**Task goal:** Reproduce word for word the lines between those holding "#104=DIRECTION('',(0.,-1.,0.));" and "#113=ORIENTED_EDGE('',*,*,#112,.T.);", inclusive, and nothing else from the data below.

--- Data for analysis ---

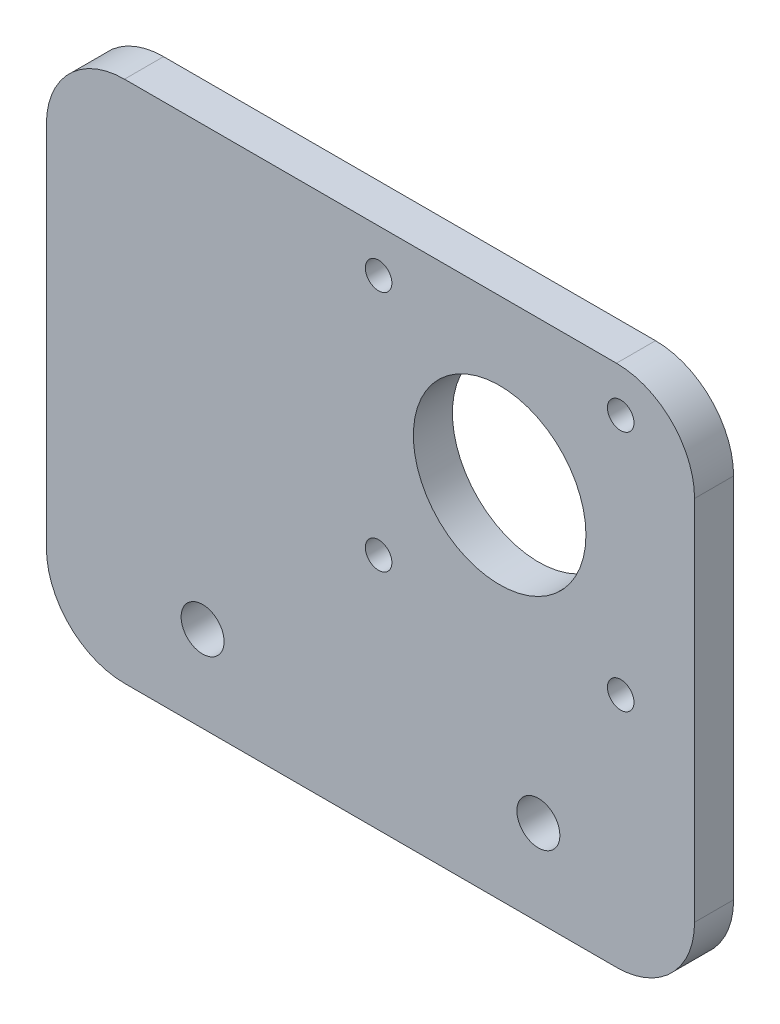
ISO-10303-21;
HEADER;
FILE_DESCRIPTION(('STEP AP214'),'2;1');
FILE_NAME('part.step','',(''),(''),'','','');
FILE_SCHEMA(('AUTOMOTIVE_DESIGN { 1 0 10303 214 1 1 1 1 }'));
ENDSEC;
DATA;
#1=APPLICATION_CONTEXT('core data for automotive mechanical design processes');
#2=APPLICATION_PROTOCOL_DEFINITION('international standard','automotive_design',2000,#1);
#3=PRODUCT_CONTEXT('',#1,'mechanical');
#4=PRODUCT('Part','Part','',(#3));
#5=PRODUCT_RELATED_PRODUCT_CATEGORY('part','',(#4));
#6=PRODUCT_DEFINITION_FORMATION('','',#4);
#7=PRODUCT_DEFINITION_CONTEXT('part definition',#1,'design');
#8=PRODUCT_DEFINITION('design','',#6,#7);
#9=PRODUCT_DEFINITION_SHAPE('','',#8);
#10=(LENGTH_UNIT() NAMED_UNIT(*) SI_UNIT(.MILLI.,.METRE.));
#11=(NAMED_UNIT(*) PLANE_ANGLE_UNIT() SI_UNIT($,.RADIAN.));
#12=(NAMED_UNIT(*) SI_UNIT($,.STERADIAN.) SOLID_ANGLE_UNIT());
#13=UNCERTAINTY_MEASURE_WITH_UNIT(LENGTH_MEASURE(1.E-05),#10,'distance_accuracy_value','');
#14=(GEOMETRIC_REPRESENTATION_CONTEXT(3) GLOBAL_UNCERTAINTY_ASSIGNED_CONTEXT((#13)) GLOBAL_UNIT_ASSIGNED_CONTEXT((#10,
#11,#12)) REPRESENTATION_CONTEXT('',''));
#15=CARTESIAN_POINT('',(0.,0.,0.));
#16=DIRECTION('',(0.,0.,1.));
#17=DIRECTION('',(1.,0.,0.));
#18=AXIS2_PLACEMENT_3D('',#15,#16,#17);
#19=CARTESIAN_POINT('',(41.5,-33.5,5.));
#20=DIRECTION('',(-1.,0.,0.));
#21=DIRECTION('',(0.,0.,1.));
#22=AXIS2_PLACEMENT_3D('',#19,#20,#21);
#23=PLANE('',#22);
#24=DIRECTION('',(0.,1.,0.));
#25=VECTOR('',#24,1.);
#26=CARTESIAN_POINT('',(41.5,-33.5,5.));
#27=LINE('',#26,#25);
#28=CARTESIAN_POINT('',(41.5,-23.5,5.));
#29=VERTEX_POINT('',#28);
#30=CARTESIAN_POINT('',(41.5,23.5,5.));
#31=VERTEX_POINT('',#30);
#32=EDGE_CURVE('E139',#29,#31,#27,.T.);
#33=ORIENTED_EDGE('',*,*,#32,.F.);
#34=DIRECTION('',(0.,0.,-1.));
#35=VECTOR('',#34,1.);
#36=CARTESIAN_POINT('',(41.5,-23.5,5.));
#37=LINE('',#36,#35);
#38=CARTESIAN_POINT('',(41.5,-23.5,0.));
#39=VERTEX_POINT('',#38);
#40=EDGE_CURVE('E123',#29,#39,#37,.T.);
#41=ORIENTED_EDGE('',*,*,#40,.T.);
#42=DIRECTION('',(0.,1.,0.));
#43=VECTOR('',#42,1.);
#44=CARTESIAN_POINT('',(41.5,-33.5,0.));
#45=LINE('',#44,#43);
#46=CARTESIAN_POINT('',(41.5,23.5,0.));
#47=VERTEX_POINT('',#46);
#48=EDGE_CURVE('E136',#39,#47,#45,.T.);
#49=ORIENTED_EDGE('',*,*,#48,.T.);
#50=DIRECTION('',(0.,0.,-1.));
#51=VECTOR('',#50,1.);
#52=CARTESIAN_POINT('',(41.5,23.5,5.));
#53=LINE('',#52,#51);
#54=EDGE_CURVE('E142',#47,#31,#53,.F.);
#55=ORIENTED_EDGE('',*,*,#54,.T.);
#56=EDGE_LOOP('',(#33,#41,#49,#55));
#57=FACE_BOUND('',#56,.T.);
#58=ADVANCED_FACE('F41',(#57),#23,.F.);
#59=CARTESIAN_POINT('',(-41.5,33.5,5.));
#60=DIRECTION('',(0.,-1.,0.));
#61=DIRECTION('',(0.,0.,-1.));
#62=AXIS2_PLACEMENT_3D('',#59,#60,#61);
#63=PLANE('',#62);
#64=DIRECTION('',(-1.,0.,0.));
#65=VECTOR('',#64,1.);
#66=CARTESIAN_POINT('',(-41.5,33.5,0.));
#67=LINE('',#66,#65);
#68=CARTESIAN_POINT('',(31.5,33.5,0.));
#69=VERTEX_POINT('',#68);
#70=CARTESIAN_POINT('',(-31.5,33.5,0.));
#71=VERTEX_POINT('',#70);
#72=EDGE_CURVE('E147',#69,#71,#67,.T.);
#73=ORIENTED_EDGE('',*,*,#72,.T.);
#74=DIRECTION('',(0.,0.,-1.));
#75=VECTOR('',#74,1.);
#76=CARTESIAN_POINT('',(-31.5,33.5,5.));
#77=LINE('',#76,#75);
#78=CARTESIAN_POINT('',(-31.5,33.5,5.));
#79=VERTEX_POINT('',#78);
#80=EDGE_CURVE('E11',#71,#79,#77,.F.);
#81=ORIENTED_EDGE('',*,*,#80,.T.);
#82=DIRECTION('',(-1.,0.,0.));
#83=VECTOR('',#82,1.);
#84=CARTESIAN_POINT('',(-41.5,33.5,5.));
#85=LINE('',#84,#83);
#86=CARTESIAN_POINT('',(31.5,33.5,5.));
#87=VERTEX_POINT('',#86);
#88=EDGE_CURVE('E204',#87,#79,#85,.T.);
#89=ORIENTED_EDGE('',*,*,#88,.F.);
#90=DIRECTION('',(0.,0.,-1.));
#91=VECTOR('',#90,1.);
#92=CARTESIAN_POINT('',(31.5,33.5,5.));
#93=LINE('',#92,#91);
#94=EDGE_CURVE('E49',#87,#69,#93,.T.);
#95=ORIENTED_EDGE('',*,*,#94,.T.);
#96=EDGE_LOOP('',(#73,#81,#89,#95));
#97=FACE_BOUND('',#96,.T.);
#98=ADVANCED_FACE('F202',(#97),#63,.F.);
#99=CARTESIAN_POINT('',(-41.5,-33.5,5.));
#100=DIRECTION('',(1.,0.,0.));
#101=DIRECTION('',(0.,0.,-1.));
#102=AXIS2_PLACEMENT_3D('',#99,#100,#101);
#103=PLANE('',#102);
#104=DIRECTION('',(0.,-1.,0.));
#105=VECTOR('',#104,1.);
#106=CARTESIAN_POINT('',(-41.5,-33.5,0.));
#107=LINE('',#106,#105);
#108=CARTESIAN_POINT('',(-41.5,23.5,0.));
#109=VERTEX_POINT('',#108);
#110=CARTESIAN_POINT('',(-41.5,-23.5,0.));
#111=VERTEX_POINT('',#110);
#112=EDGE_CURVE('E154',#109,#111,#107,.T.);
#113=ORIENTED_EDGE('',*,*,#112,.T.);
#114=DIRECTION('',(0.,0.,-1.));
#115=VECTOR('',#114,1.);
#116=CARTESIAN_POINT('',(-41.5,-23.5,5.));
#117=LINE('',#116,#115);
#118=CARTESIAN_POINT('',(-41.5,-23.5,5.));
#119=VERTEX_POINT('',#118);
#120=EDGE_CURVE('E59',#111,#119,#117,.F.);
#121=ORIENTED_EDGE('',*,*,#120,.T.);
#122=DIRECTION('',(0.,-1.,0.));
#123=VECTOR('',#122,1.);
#124=CARTESIAN_POINT('',(-41.5,-33.5,5.));
#125=LINE('',#124,#123);
#126=CARTESIAN_POINT('',(-41.5,23.5,5.));
#127=VERTEX_POINT('',#126);
#128=EDGE_CURVE('E212',#127,#119,#125,.T.);
#129=ORIENTED_EDGE('',*,*,#128,.F.);
#130=DIRECTION('',(0.,0.,-1.));
#131=VECTOR('',#130,1.);
#132=CARTESIAN_POINT('',(-41.5,23.5,5.));
#133=LINE('',#132,#131);
#134=EDGE_CURVE('E191',#127,#109,#133,.T.);
#135=ORIENTED_EDGE('',*,*,#134,.T.);
#136=EDGE_LOOP('',(#113,#121,#129,#135));
#137=FACE_BOUND('',#136,.T.);
#138=ADVANCED_FACE('F211',(#137),#103,.F.);
#139=CARTESIAN_POINT('',(-41.5,-33.5,5.));
#140=DIRECTION('',(0.,1.,0.));
#141=DIRECTION('',(0.,0.,1.));
#142=AXIS2_PLACEMENT_3D('',#139,#140,#141);
#143=PLANE('',#142);
#144=DIRECTION('',(1.,0.,0.));
#145=VECTOR('',#144,1.);
#146=CARTESIAN_POINT('',(-41.5,-33.5,0.));
#147=LINE('',#146,#145);
#148=CARTESIAN_POINT('',(-31.5,-33.5,0.));
#149=VERTEX_POINT('',#148);
#150=CARTESIAN_POINT('',(31.5,-33.5,0.));
#151=VERTEX_POINT('',#150);
#152=EDGE_CURVE('E166',#149,#151,#147,.T.);
#153=ORIENTED_EDGE('',*,*,#152,.T.);
#154=DIRECTION('',(0.,0.,-1.));
#155=VECTOR('',#154,1.);
#156=CARTESIAN_POINT('',(31.5,-33.5,5.));
#157=LINE('',#156,#155);
#158=CARTESIAN_POINT('',(31.5,-33.5,5.));
#159=VERTEX_POINT('',#158);
#160=EDGE_CURVE('E124',#151,#159,#157,.F.);
#161=ORIENTED_EDGE('',*,*,#160,.T.);
#162=DIRECTION('',(1.,0.,0.));
#163=VECTOR('',#162,1.);
#164=CARTESIAN_POINT('',(-41.5,-33.5,5.));
#165=LINE('',#164,#163);
#166=CARTESIAN_POINT('',(-31.5,-33.5,5.));
#167=VERTEX_POINT('',#166);
#168=EDGE_CURVE('E161',#167,#159,#165,.T.);
#169=ORIENTED_EDGE('',*,*,#168,.F.);
#170=DIRECTION('',(0.,0.,-1.));
#171=VECTOR('',#170,1.);
#172=CARTESIAN_POINT('',(-31.5,-33.5,5.));
#173=LINE('',#172,#171);
#174=EDGE_CURVE('E130',#167,#149,#173,.T.);
#175=ORIENTED_EDGE('',*,*,#174,.T.);
#176=EDGE_LOOP('',(#153,#161,#169,#175));
#177=FACE_BOUND('',#176,.T.);
#178=ADVANCED_FACE('F283',(#177),#143,.F.);
#179=CARTESIAN_POINT('',(0.,0.,5.));
#180=DIRECTION('',(0.,0.,-1.));
#181=DIRECTION('',(-1.,0.,0.));
#182=AXIS2_PLACEMENT_3D('',#179,#180,#181);
#183=PLANE('',#182);
#184=CARTESIAN_POINT('',(16.541076623741,12.500005008226,5.));
#185=DIRECTION('',(0.,0.,1.));
#186=DIRECTION('',(1.,0.,0.));
#187=AXIS2_PLACEMENT_3D('',#184,#185,#186);
#188=CIRCLE('',#187,11.05);
#189=CARTESIAN_POINT('',(27.591076623741,12.500005008226,5.));
#190=VERTEX_POINT('',#189);
#191=EDGE_CURVE('E263',#190,#190,#188,.T.);
#192=ORIENTED_EDGE('',*,*,#191,.F.);
#193=EDGE_LOOP('',(#192));
#194=FACE_BOUND('',#193,.T.);
#195=CARTESIAN_POINT('',(32.0410762527028,28.0000047799934,5.));
#196=DIRECTION('',(0.,0.,-1.));
#197=DIRECTION('',(-1.,0.,0.));
#198=AXIS2_PLACEMENT_3D('',#195,#196,#197);
#199=CIRCLE('',#198,1.7);
#200=CARTESIAN_POINT('',(30.3410762527028,28.0000047799934,5.));
#201=VERTEX_POINT('',#200);
#202=EDGE_CURVE('E255',#201,#201,#199,.T.);
#203=ORIENTED_EDGE('',*,*,#202,.T.);
#204=EDGE_LOOP('',(#203));
#205=FACE_BOUND('',#204,.T.);
#206=CARTESIAN_POINT('',(1.04107625270284,28.0000047799933,5.));
#207=DIRECTION('',(0.,0.,-1.));
#208=DIRECTION('',(-1.,0.,0.));
#209=AXIS2_PLACEMENT_3D('',#206,#207,#208);
#210=CIRCLE('',#209,1.7);
#211=CARTESIAN_POINT('',(-0.658923747297156,28.0000047799933,5.));
#212=VERTEX_POINT('',#211);
#213=EDGE_CURVE('E248',#212,#212,#210,.T.);
#214=ORIENTED_EDGE('',*,*,#213,.T.);
#215=EDGE_LOOP('',(#214));
#216=FACE_BOUND('',#215,.T.);
#217=CARTESIAN_POINT('',(1.04107625270296,-2.99999522000675,5.));
#218=DIRECTION('',(0.,0.,-1.));
#219=DIRECTION('',(-1.,0.,0.));
#220=AXIS2_PLACEMENT_3D('',#217,#218,#219);
#221=CIRCLE('',#220,1.7);
#222=CARTESIAN_POINT('',(-0.658923747297043,-2.99999522000675,5.));
#223=VERTEX_POINT('',#222);
#224=EDGE_CURVE('E240',#223,#223,#221,.T.);
#225=ORIENTED_EDGE('',*,*,#224,.T.);
#226=EDGE_LOOP('',(#225));
#227=FACE_BOUND('',#226,.T.);
#228=CARTESIAN_POINT('',(32.041076252703,-2.99999522000664,5.));
#229=DIRECTION('',(0.,0.,-1.));
#230=DIRECTION('',(-1.,0.,0.));
#231=AXIS2_PLACEMENT_3D('',#228,#229,#230);
#232=CIRCLE('',#231,1.7);
#233=CARTESIAN_POINT('',(30.341076252703,-2.99999522000664,5.));
#234=VERTEX_POINT('',#233);
#235=EDGE_CURVE('E232',#234,#234,#232,.T.);
#236=ORIENTED_EDGE('',*,*,#235,.T.);
#237=EDGE_LOOP('',(#236));
#238=FACE_BOUND('',#237,.T.);
#239=CARTESIAN_POINT('',(21.5,-22.5,5.));
#240=DIRECTION('',(0.,0.,1.));
#241=DIRECTION('',(1.,0.,0.));
#242=AXIS2_PLACEMENT_3D('',#239,#240,#241);
#243=CIRCLE('',#242,2.75);
#244=CARTESIAN_POINT('',(24.25,-22.5,5.));
#245=VERTEX_POINT('',#244);
#246=EDGE_CURVE('E228',#245,#245,#243,.T.);
#247=ORIENTED_EDGE('',*,*,#246,.F.);
#248=EDGE_LOOP('',(#247));
#249=FACE_BOUND('',#248,.T.);
#250=CARTESIAN_POINT('',(-21.5,-22.5,5.));
#251=DIRECTION('',(0.,0.,1.));
#252=DIRECTION('',(1.,0.,0.));
#253=AXIS2_PLACEMENT_3D('',#250,#251,#252);
#254=CIRCLE('',#253,2.75);
#255=CARTESIAN_POINT('',(-18.75,-22.5,5.));
#256=VERTEX_POINT('',#255);
#257=EDGE_CURVE('E158',#256,#256,#254,.T.);
#258=ORIENTED_EDGE('',*,*,#257,.F.);
#259=EDGE_LOOP('',(#258));
#260=FACE_BOUND('',#259,.T.);
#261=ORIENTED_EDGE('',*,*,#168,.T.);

---

**Exercise answer:**
#104=DIRECTION('',(0.,-1.,0.));
#105=VECTOR('',#104,1.);
#106=CARTESIAN_POINT('',(-41.5,-33.5,0.));
#107=LINE('',#106,#105);
#108=CARTESIAN_POINT('',(-41.5,23.5,0.));
#109=VERTEX_POINT('',#108);
#110=CARTESIAN_POINT('',(-41.5,-23.5,0.));
#111=VERTEX_POINT('',#110);
#112=EDGE_CURVE('E154',#109,#111,#107,.T.);
#113=ORIENTED_EDGE('',*,*,#112,.T.);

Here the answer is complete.